For the entries below, report the number of lines where the string "linetype" appears, and only that number.

PROVIDED INFORMATION: Begin

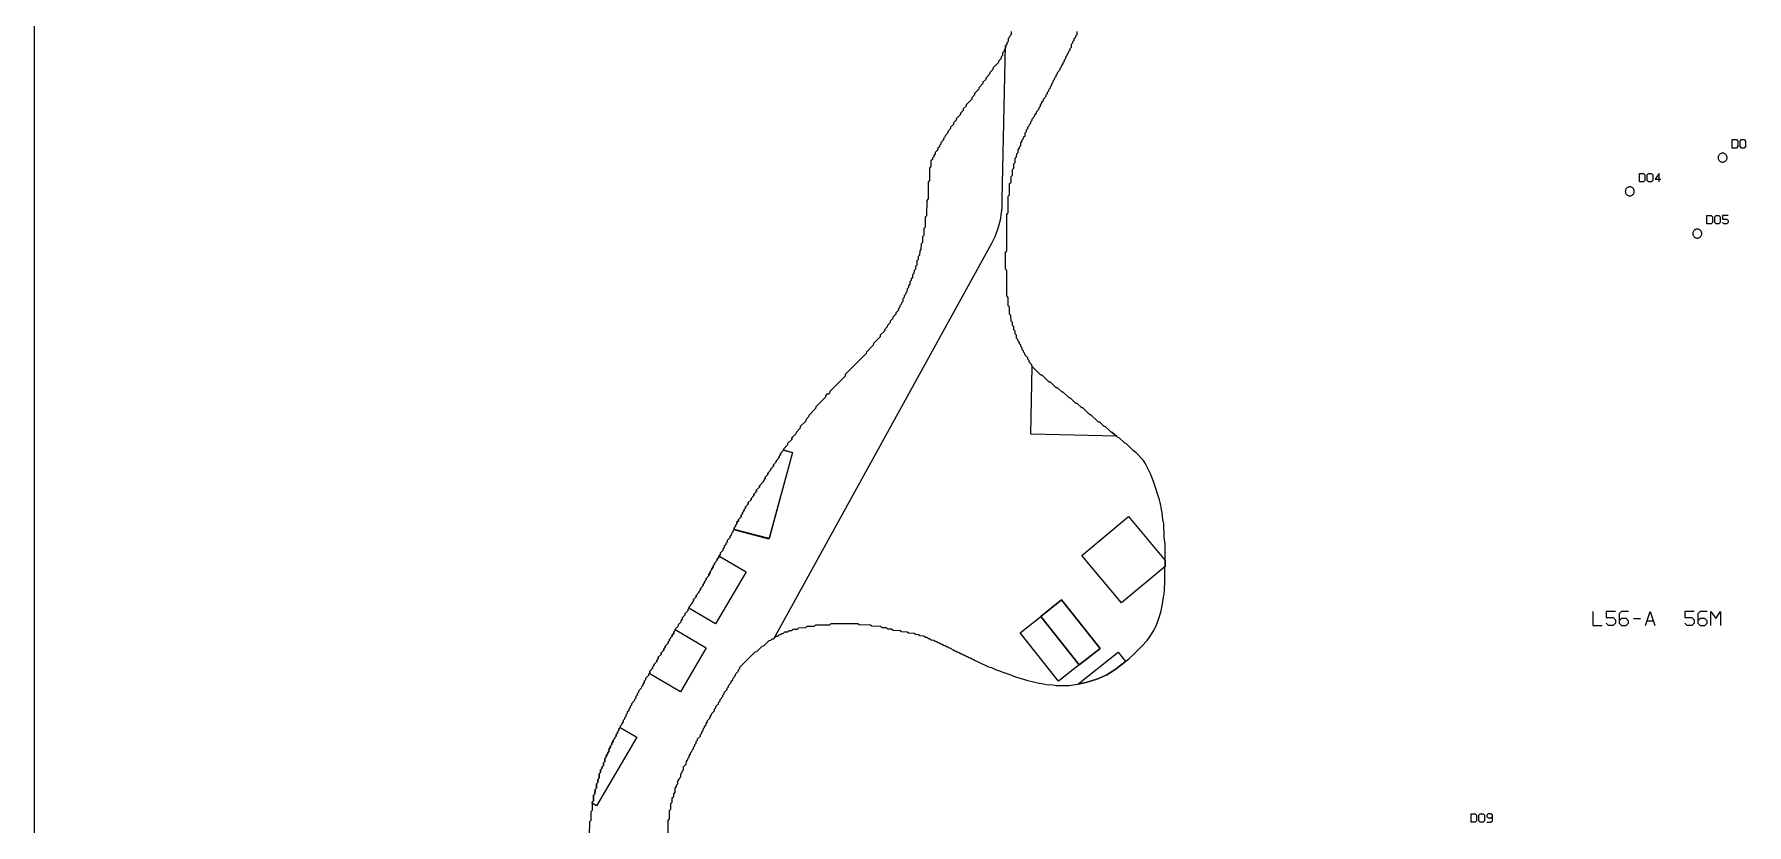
# Model space of a CAD drawing. Header units: millimetres. Extents: x 0 to 1219, y 0 to 1240.
# Drawn here: x 0 to 609, y 349 to 631 of the extents above; entities that cross this region are included whole.
import ezdxf

# ---------------------------------------------------------------- set-up
doc = ezdxf.new("R2010")
doc.units = ezdxf.units.MM
for name, color, linetype in [('CUT_DOWEL_3.2', 2, 'Continuous'), ('CUT_OUTER', 1, 'Continuous'), ('CUT_SOCKET_BLDG', 4, 'Continuous'), ('ENGRAVE_BLDG_BOX', 5, 'Continuous'), ('ENGRAVE_BLDG_FOOTPRINT', 8, 'Continuous'), ('ENGRAVE_NEXT', 3, 'Continuous'), ('ENGRAVE_SITE_BOUNDARY', 6, 'Continuous'), ('ENGRAVE_TEXT', 2, 'Continuous'), ('SHEET_EDGE', 7, 'Continuous')]:
    doc.layers.add(name, color=color, linetype=linetype)

msp = doc.modelspace()

# ---------------------------------------------------------------- linework, layer by layer
at = {"layer": 'CUT_DOWEL_3.2'}
for points in [[(602.18, 586.69), (602.17, 586.9), (602.13, 587.1), (602.06, 587.3), (601.97, 587.49), (601.85, 587.66), (601.71, 587.82), (601.55, 587.96), (601.38, 588.07), (601.19, 588.17), (601, 588.23), (600.79, 588.27), (600.58, 588.29), (600.37, 588.27), (600.17, 588.23), (599.97, 588.17), (599.78, 588.07), (599.61, 587.96), (599.45, 587.82), (599.31, 587.66), (599.2, 587.49), (599.1, 587.3), (599.04, 587.1), (598.99, 586.9), (598.98, 586.69), (598.99, 586.48), (599.04, 586.27), (599.1, 586.08), (599.2, 585.89), (599.31, 585.71), (599.45, 585.56), (599.61, 585.42), (599.78, 585.3), (599.97, 585.21), (600.17, 585.14), (600.37, 585.1), (600.58, 585.09), (600.79, 585.1), (601, 585.14), (601.19, 585.21), (601.38, 585.3), (601.55, 585.42), (601.71, 585.56), (601.85, 585.71), (601.97, 585.89), (602.06, 586.08), (602.13, 586.27), (602.17, 586.48), (602.18, 586.69)], [(569.18, 574.69), (569.17, 574.9), (569.13, 575.1), (569.06, 575.3), (568.97, 575.49), (568.85, 575.66), (568.71, 575.82), (568.55, 575.96), (568.38, 576.07), (568.19, 576.17), (568, 576.23), (567.79, 576.27), (567.58, 576.29), (567.37, 576.27), (567.17, 576.23), (566.97, 576.17), (566.78, 576.07), (566.61, 575.96), (566.45, 575.82), (566.31, 575.66), (566.2, 575.49), (566.1, 575.3), (566.04, 575.1), (565.99, 574.9), (565.98, 574.69), (565.99, 574.48), (566.04, 574.27), (566.1, 574.08), (566.2, 573.89), (566.31, 573.71), (566.45, 573.56), (566.61, 573.42), (566.78, 573.3), (566.97, 573.21), (567.17, 573.14), (567.37, 573.1), (567.58, 573.09), (567.79, 573.1), (568, 573.14), (568.19, 573.21), (568.38, 573.3), (568.55, 573.42), (568.71, 573.56), (568.85, 573.71), (568.97, 573.89), (569.06, 574.08), (569.13, 574.27), (569.17, 574.48), (569.18, 574.69)], [(593.18, 559.69), (593.17, 559.9), (593.13, 560.1), (593.06, 560.3), (592.97, 560.49), (592.85, 560.66), (592.71, 560.82), (592.55, 560.96), (592.38, 561.07), (592.19, 561.17), (592, 561.23), (591.79, 561.27), (591.58, 561.29), (591.37, 561.27), (591.17, 561.23), (590.97, 561.17), (590.78, 561.07), (590.61, 560.96), (590.45, 560.82), (590.31, 560.66), (590.2, 560.49), (590.1, 560.3), (590.04, 560.1), (589.99, 559.9), (589.98, 559.69), (589.99, 559.48), (590.04, 559.27), (590.1, 559.08), (590.2, 558.89), (590.31, 558.71), (590.45, 558.56), (590.61, 558.42), (590.78, 558.3), (590.97, 558.21), (591.17, 558.14), (591.37, 558.1), (591.58, 558.09), (591.79, 558.1), (592, 558.14), (592.19, 558.21), (592.38, 558.3), (592.55, 558.42), (592.71, 558.56), (592.85, 558.71), (592.97, 558.89), (593.06, 559.08), (593.13, 559.27), (593.17, 559.48), (593.18, 559.69)]]:
    msp.add_lwpolyline(points, close=True, dxfattribs=at)
at = {"layer": 'CUT_OUTER'}
msp.add_lwpolyline([(347.48, 631.5), (347.47, 630.5), (347, 630.03), (346.97, 629.5), (346.48, 629), (346.47, 628), (346, 627.53), (345.97, 627), (345.48, 626.5), (345.47, 625.5), (345, 625.04), (344.97, 624.5), (344.48, 624), (344.46, 623), (343.98, 622.5), (343.96, 622), (342.98, 621), (342.96, 620.5), (341, 618.53), (340.97, 618), (339.98, 617), (339.97, 616.5), (338.48, 615), (338.47, 614.5), (337.48, 613.5), (337.47, 613), (336, 611.53), (335.97, 611), (334.48, 609.5), (334.47, 609), (333.48, 608), (333.47, 607.5), (331.48, 605.5), (331.47, 605), (330.48, 604), (330.47, 603.5), (329.48, 602.5), (329.47, 602), (327.98, 600.5), (327.97, 600), (327, 599.03), (326.97, 598.5), (325.98, 597.5), (325.97, 597), (324.98, 596), (324.97, 595.5), (323.98, 594.5), (323.97, 594), (323.48, 593.5), (323.47, 593), (322.48, 592), (322.47, 591.5), (321.98, 591), (321.97, 590.5), (321.48, 590), (321.47, 589.5), (320.48, 588.5), (320.47, 588), (319.98, 587.5), (319.97, 587), (319.48, 586.5), (319.48, 586), (318.99, 585.5), (318.97, 583.5), (318.49, 583), (318.46, 578.5), (317.98, 578), (317.96, 572), (317.48, 571.5), (317.45, 566), (316.98, 565.5), (316.95, 562), (316.48, 561.5), (316.45, 559), (315.97, 558.5), (315.95, 556.5), (315.47, 556), (315.44, 554), (314.97, 553.5), (314.94, 552), (314.47, 551.5), (314.45, 550.5), (313.97, 550), (313.94, 548.5), (313.47, 548), (313.44, 547), (312.97, 546.5), (312.94, 545.5), (312.47, 545), (312.44, 544), (312, 543.56), (311.95, 543), (311.47, 542.5), (311.44, 541.5), (311, 541.06), (310.95, 540.5), (310.47, 540), (310.44, 539), (310, 538.56), (309.94, 538), (309.47, 537.5), (309.45, 537), (308.97, 536.5), (308.94, 535.5), (308.5, 535.07), (308.44, 534.5), (307.96, 534), (307.94, 533.5), (307.46, 533), (307.43, 532.5), (306.5, 531.55), (306.44, 531), (305.46, 530), (305.44, 529.5), (304.47, 528.5), (304.44, 528), (303.47, 527), (303.44, 526.5), (302.46, 525.5), (302.44, 525), (300.97, 523.5), (300.94, 523), (298.5, 520.54), (298.44, 520), (296, 517.54), (295.94, 517), (288.5, 509.54), (288.45, 509), (283, 503.54), (282.94, 503), (282.5, 502.56), (282, 502.53), (281.5, 502.03), (281.45, 501.5), (278, 498.03), (277.96, 497.5), (275.5, 495.03), (275.46, 494.5), (274.48, 493.5), (274.46, 493), (272.5, 491.03), (272.46, 490.5), (270.98, 489), (270.96, 488.5), (269.48, 487), (269.46, 486.5), (267.98, 485), (267.96, 484.5), (266.48, 483), (266.46, 482.5), (265.48, 481.5), (265.47, 481), (264.98, 480.5), (264.96, 480), (264, 479.03), (263.96, 478.5), (262.98, 477.5), (262.96, 477), (261.98, 476), (261.96, 475.5), (260.98, 474.5), (260.96, 474), (259.98, 473), (259.97, 472.5), (259.48, 472), (259.46, 471.5), (257.98, 470), (257.96, 469.5), (256.98, 468.5), (256.97, 468), (255.98, 467), (255.97, 466.5), (254.98, 465.5), (254.97, 465), (253.98, 464), (253.97, 463.5), (252.98, 462.5), (252.97, 462), (252.48, 461.5), (252.47, 461), (251.98, 460.5), (251.97, 460), (251.48, 459.5), (251.47, 459), (250.48, 458), (250.47, 457.5), (249.98, 457), (249.97, 456.5), (249.48, 456), (249.47, 455.5), (248.98, 455), (248.97, 454.5), (248.48, 454), (248.47, 453.5), (247.98, 453), (247.97, 452.5), (247.48, 452), (247.46, 451.5), (246.48, 450.5), (246.47, 450), (245.98, 449.5), (245.97, 449), (245.48, 448.5), (245.47, 448), (244.98, 447.5), (244.96, 447), (243.98, 446), (243.97, 445.5), (243.48, 445), (243.47, 444.5), (242.98, 444), (242.96, 443.5), (241.98, 442.5), (241.97, 442), (241.48, 441.5), (241.47, 441), (240.98, 440.5), (240.97, 440), (240.48, 439.5), (240.47, 439), (239.98, 438.5), (239.96, 438), (238.98, 437), (238.97, 436.5), (238.48, 436), (238.47, 435.5), (237.98, 435), (237.96, 434.5), (236.98, 433.5), (236.97, 433), (236.48, 432.5), (236.46, 432), (235.48, 431), (235.46, 430.5), (234.48, 429.5), (234.47, 429), (233.98, 428.5), (233.96, 428), (232.98, 427), (232.96, 426.5), (232.48, 426), (232.46, 425.5), (231.48, 424.5), (231.46, 424), (230.48, 423), (230.46, 422.5), (229.98, 422), (229.96, 421.5), (229, 420.53), (228.96, 420), (227.98, 419), (227.96, 418.5), (227.48, 418), (227.46, 417.5), (226.98, 417), (226.96, 416.5), (225.98, 415.5), (225.96, 415), (225.47, 414.5), (225.46, 414), (224.48, 413), (224.46, 412.5), (223.97, 412), (223.96, 411.5), (223, 410.54), (222.96, 410), (221.98, 409), (221.96, 408.5), (221.47, 408), (221.46, 407.5), (220.48, 406.5), (220.46, 406), (219.97, 405.5), (219.95, 405), (219, 404.04), (218.96, 403.5), (218.47, 403), (218.45, 402.5), (217.48, 401.5), (217.46, 401), (216.97, 400.5), (216.96, 400), (216.47, 399.5), (216.46, 399), (215.97, 398.5), (215.95, 398), (214.97, 397), (214.96, 396.5), (214.47, 396), (214.46, 395.5), (213.97, 395), (213.95, 394.5), (213.47, 394), (213.45, 393.5), (212.47, 392.5), (212.46, 392), (211.97, 391.5), (211.96, 391), (211.47, 390.5), (211.46, 390), (210.97, 389.5), (210.95, 389), (210.47, 388.5), (210.45, 388), (209.97, 387.5), (209.95, 387), (209.47, 386.5), (209.45, 386), (208.97, 385.5), (208.95, 385), (208.47, 384.5), (208.45, 384), (207.97, 383.5), (207.95, 383), (207.47, 382.5), (207.45, 382), (206.97, 381.5), (206.95, 381), (206.47, 380.5), (206.46, 380), (205.97, 379.5), (205.96, 379), (205.47, 378.5), (205.46, 378), (204.97, 377.5), (204.96, 377), (204.48, 376.5), (204.45, 375.5), (204, 375.05), (203.96, 374.5), (203.47, 374), (203.46, 373.5), (202.98, 373), (202.95, 372), (202.48, 371.5), (202.45, 370.5), (202, 370.05), (201.96, 369.5), (201.48, 369), (201.46, 368), (200.98, 367.5), (200.95, 366), (200.48, 365.5), (200.46, 364.5), (199.98, 364), (199.95, 362.5), (199.48, 362), (199.45, 360.5), (198.98, 360), (198.95, 358), (198.48, 357.5), (198.45, 354.5), (197.98, 354), (197.95, 351), (197.48, 350.5), (197.45, 345.5)], dxfattribs=at)
at = {"layer": 'CUT_SOCKET_BLDG'}
msp.add_lwpolyline([(358.08, 423.54), (371.75, 406.31), (379.12, 412.15), (365.45, 429.39), (358.08, 423.54)], close=True, dxfattribs=at)
at = {"layer": 'ENGRAVE_BLDG_BOX'}
for points in [[(354.46, 488.3), (355, 512.43), (355, 512.42), (357.91, 509.5), (358, 509.42), (358.5, 509.36), (360.88, 507), (361, 506.91), (361.5, 506.83), (363.36, 505), (363.5, 504.89), (364, 504.81), (365.5, 503.38), (366, 503.28), (368, 501.36), (368.5, 501.25), (370.3, 499.5), (370.5, 499.35), (371, 499.23), (372.5, 497.83), (373, 497.69), (375.26, 495.5), (375.5, 495.31), (376, 495.15), (378.22, 493), (378.5, 492.78), (379, 492.61), (380.5, 491.25), (381, 491.06), (382.65, 489.5), (383, 489.22), (383.5, 489), (384.98, 487.62), (354.46, 488.3)], [(269.78, 481.82), (261.33, 450.95), (248.84, 454.37), (248.97, 454.5), (248.98, 455), (249.47, 455.5), (249.48, 456), (249.97, 456.5), (249.98, 457), (250.47, 457.5), (250.48, 458), (251.47, 459), (251.48, 459.5), (251.97, 460), (251.98, 460.5), (252.47, 461), (252.48, 461.5), (252.97, 462), (252.98, 462.5), (253.97, 463.5), (253.98, 464), (254.97, 465), (254.98, 465.5), (255.97, 466.5), (255.98, 467), (256.97, 468), (256.98, 468.5), (257.96, 469.5), (257.98, 470), (259.46, 471.5), (259.48, 472), (259.97, 472.5), (259.98, 473), (260.96, 474), (260.98, 474.5), (261.96, 475.5), (261.98, 476), (262.96, 477), (262.98, 477.5), (263.96, 478.5), (264, 479.03), (264.96, 480), (264.98, 480.5), (265.47, 481), (265.48, 481.5), (266.46, 482.5), (266.47, 482.72), (269.78, 481.82)], [(269.3, 486.25), (269.23, 486.27), (269.35, 486.39), (269.3, 486.25)], [(269.47, 486.72), (269.48, 487), (269.61, 487.14), (269.47, 486.72)], [(386.77, 428.31), (372.66, 445.2), (389.24, 459.04), (402.3, 443.4), (402.28, 441.27), (386.77, 428.31)], [(253.21, 439.34), (242.39, 420.88), (232.9, 426.44), (232.96, 426.5), (232.98, 427), (233.96, 428), (233.98, 428.5), (234.47, 429), (234.48, 429.5), (235.46, 430.5), (235.48, 431), (236.46, 432), (236.48, 432.5), (236.97, 433), (236.98, 433.5), (237.96, 434.5), (237.98, 435), (238.47, 435.5), (238.48, 436), (238.97, 436.5), (238.98, 437), (239.96, 438), (239.98, 438.5), (240.47, 439), (240.48, 439.5), (240.97, 440), (240.98, 440.5), (241.47, 441), (241.48, 441.5), (241.97, 442), (241.98, 442.5), (242.96, 443.5), (242.98, 444), (243.47, 444.5), (243.48, 445), (243.5, 445.03), (253.21, 439.34)], [(365.45, 429.39), (379.12, 412.15), (371.75, 406.31), (358.08, 423.54), (365.45, 429.39)], [(364.39, 400.47), (350.72, 417.7), (358.08, 423.54), (371.75, 406.31), (364.39, 400.47)], [(239.05, 412.34), (229.87, 396.68), (218.69, 403.23), (218.96, 403.5), (219, 404.04), (219.95, 405), (219.97, 405.5), (220.46, 406), (220.48, 406.5), (221.46, 407.5), (221.47, 408), (221.96, 408.5), (221.98, 409), (222.96, 410), (223, 410.54), (223.96, 411.5), (223.97, 412), (224.46, 412.5), (224.48, 413), (225.46, 414), (225.47, 414.5), (225.96, 415), (225.98, 415.5), (226.96, 416.5), (226.98, 417), (227.46, 417.5), (227.48, 418), (227.96, 418.5), (227.97, 418.83), (239.05, 412.34)], [(385.52, 410.84), (388.17, 407.5), (387, 406.54), (384.5, 404.62), (383.5, 403.95), (381.5, 402.76), (380.5, 402.26), (378, 401.21), (376.5, 400.7), (374.5, 400.15), (372, 399.62), (371.21, 399.5), (385.52, 410.84)], [(214.31, 380.65), (199.99, 356.22), (198.47, 357.11), (198.48, 357.5), (198.95, 358), (198.98, 360), (199.45, 360.5), (199.48, 362), (199.95, 362.5), (199.98, 364), (200.46, 364.5), (200.48, 365.5), (200.95, 366), (200.98, 367.5), (201.46, 368), (201.48, 369), (201.96, 369.5), (202, 370.05), (202.45, 370.5), (202.48, 371.5), (202.95, 372), (202.98, 373), (203.46, 373.5), (203.47, 374), (203.96, 374.5), (204, 375.05), (204.45, 375.5), (204.48, 376.5), (204.96, 377), (204.97, 377.5), (205.46, 378), (205.47, 378.5), (205.96, 379), (205.97, 379.5), (206.46, 380), (206.47, 380.5), (206.95, 381), (206.97, 381.5), (207.45, 382), (207.47, 382.5), (207.95, 383), (207.97, 383.5), (208.45, 384), (208.46, 384.08), (214.31, 380.65)]]:
    msp.add_lwpolyline(points, close=True, dxfattribs=at)
at = {"layer": 'ENGRAVE_BLDG_FOOTPRINT'}
for points in [[(354.46, 488.3), (355, 512.43), (355, 512.42), (357.91, 509.5), (358, 509.42), (358.5, 509.36), (360.88, 507), (361, 506.91), (361.5, 506.83), (363.36, 505), (363.5, 504.89), (364, 504.81), (365.5, 503.38), (366, 503.28), (368, 501.36), (368.5, 501.25), (370.3, 499.5), (370.5, 499.35), (371, 499.23), (372.5, 497.83), (373, 497.69), (375.26, 495.5), (375.5, 495.31), (376, 495.15), (378.22, 493), (378.5, 492.78), (379, 492.61), (380.5, 491.25), (381, 491.06), (382.65, 489.5), (383, 489.22), (383.5, 489), (384.98, 487.62), (354.46, 488.3)], [(269.78, 481.82), (261.4, 451.19), (248.96, 454.49), (248.97, 454.5), (248.98, 455), (249.47, 455.5), (249.48, 456), (249.97, 456.5), (249.98, 457), (250.47, 457.5), (250.48, 458), (251.47, 459), (251.48, 459.5), (251.97, 460), (251.98, 460.5), (252.47, 461), (252.48, 461.5), (252.97, 462), (252.98, 462.5), (253.97, 463.5), (253.98, 464), (254.97, 465), (254.98, 465.5), (255.97, 466.5), (255.98, 467), (256.97, 468), (256.98, 468.5), (257.96, 469.5), (257.98, 470), (259.46, 471.5), (259.48, 472), (259.97, 472.5), (259.98, 473), (260.96, 474), (260.98, 474.5), (261.96, 475.5), (261.98, 476), (262.96, 477), (262.98, 477.5), (263.96, 478.5), (264, 479.03), (264.96, 480), (264.98, 480.5), (265.47, 481), (265.48, 481.5), (266.46, 482.5), (266.47, 482.69), (269.78, 481.82)], [(269.3, 486.25), (269.23, 486.27), (269.35, 486.39), (269.3, 486.25)], [(269.47, 486.72), (269.48, 487), (269.61, 487.14), (269.47, 486.72)], [(389.24, 459.04), (402.3, 443.4), (402.28, 441.27), (386.77, 428.31), (372.66, 445.2), (389.24, 459.04)], [(253.21, 439.34), (242.39, 420.88), (232.9, 426.44), (232.96, 426.5), (232.98, 427), (233.96, 428), (233.98, 428.5), (234.47, 429), (234.48, 429.5), (235.46, 430.5), (235.48, 431), (236.46, 432), (236.48, 432.5), (236.97, 433), (236.98, 433.5), (237.96, 434.5), (237.98, 435), (238.47, 435.5), (238.48, 436), (238.97, 436.5), (238.98, 437), (239.96, 438), (239.98, 438.5), (240.47, 439), (240.48, 439.5), (240.97, 440), (240.98, 440.5), (241.47, 441), (241.48, 441.5), (241.97, 442), (241.98, 442.5), (242.96, 443.5), (242.98, 444), (243.47, 444.5), (243.48, 445), (243.5, 445.03), (253.21, 439.34)], [(365.45, 429.39), (379.12, 412.15), (371.75, 406.31), (358.08, 423.54), (365.45, 429.39)], [(358.08, 423.54), (371.75, 406.31), (364.39, 400.47), (350.72, 417.7), (358.08, 423.54)], [(239.05, 412.34), (229.87, 396.68), (218.69, 403.23), (218.96, 403.5), (219, 404.04), (219.95, 405), (219.97, 405.5), (220.46, 406), (220.48, 406.5), (221.46, 407.5), (221.47, 408), (221.96, 408.5), (221.98, 409), (222.96, 410), (223, 410.54), (223.96, 411.5), (223.97, 412), (224.46, 412.5), (224.48, 413), (225.46, 414), (225.47, 414.5), (225.96, 415), (225.98, 415.5), (226.96, 416.5), (226.98, 417), (227.46, 417.5), (227.48, 418), (227.96, 418.5), (227.97, 418.83), (239.05, 412.34)], [(385.52, 410.84), (388.17, 407.5), (387, 406.54), (384.5, 404.62), (383.5, 403.95), (381.5, 402.76), (380.5, 402.26), (378, 401.21), (376.5, 400.7), (374.5, 400.15), (372, 399.62), (371.21, 399.5), (385.52, 410.84)], [(214.31, 380.65), (199.99, 356.22), (198.47, 357.11), (198.48, 357.5), (198.95, 358), (198.98, 360), (199.45, 360.5), (199.48, 362), (199.95, 362.5), (199.98, 364), (200.46, 364.5), (200.48, 365.5), (200.95, 366), (200.98, 367.5), (201.46, 368), (201.48, 369), (201.96, 369.5), (202, 370.05), (202.45, 370.5), (202.48, 371.5), (202.95, 372), (202.98, 373), (203.46, 373.5), (203.47, 374), (203.96, 374.5), (204, 375.05), (204.45, 375.5), (204.48, 376.5), (204.96, 377), (204.97, 377.5), (205.46, 378), (205.47, 378.5), (205.96, 379), (205.97, 379.5), (206.46, 380), (206.47, 380.5), (206.95, 381), (206.97, 381.5), (207.45, 382), (207.47, 382.5), (207.95, 383), (207.97, 383.5), (208.45, 384), (208.46, 384.08), (214.31, 380.65)]]:
    msp.add_lwpolyline(points, close=True, dxfattribs=at)
at = {"layer": 'ENGRAVE_NEXT'}
msp.add_lwpolyline([(225.45, 344.5), (225.48, 351), (225.96, 351.5), (225.98, 354.5), (226.46, 355), (226.48, 357), (226.96, 357.5), (226.98, 359), (227.46, 359.5), (227.48, 360.5), (227.96, 361), (227.98, 362.5), (228.46, 363), (228.5, 363.54), (228.96, 364), (228.98, 365), (229.46, 365.5), (229.5, 366.04), (229.96, 366.5), (229.98, 367.5), (230.46, 368), (230.5, 368.54), (230.96, 369), (230.98, 370), (231.95, 371), (231.98, 372), (232.46, 372.5), (232.5, 373.04), (232.96, 373.5), (232.98, 374), (233.46, 374.5), (233.48, 375), (233.96, 375.5), (233.98, 376), (234.46, 376.5), (234.48, 377), (234.96, 377.5), (234.98, 378), (235.46, 378.5), (235.48, 379), (235.96, 379.5), (235.98, 380), (236.96, 381), (236.97, 381.5), (237.46, 382), (237.47, 382.5), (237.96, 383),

PROVIDED INFORMATION: End

> _EXERCISE SOLUTION_
2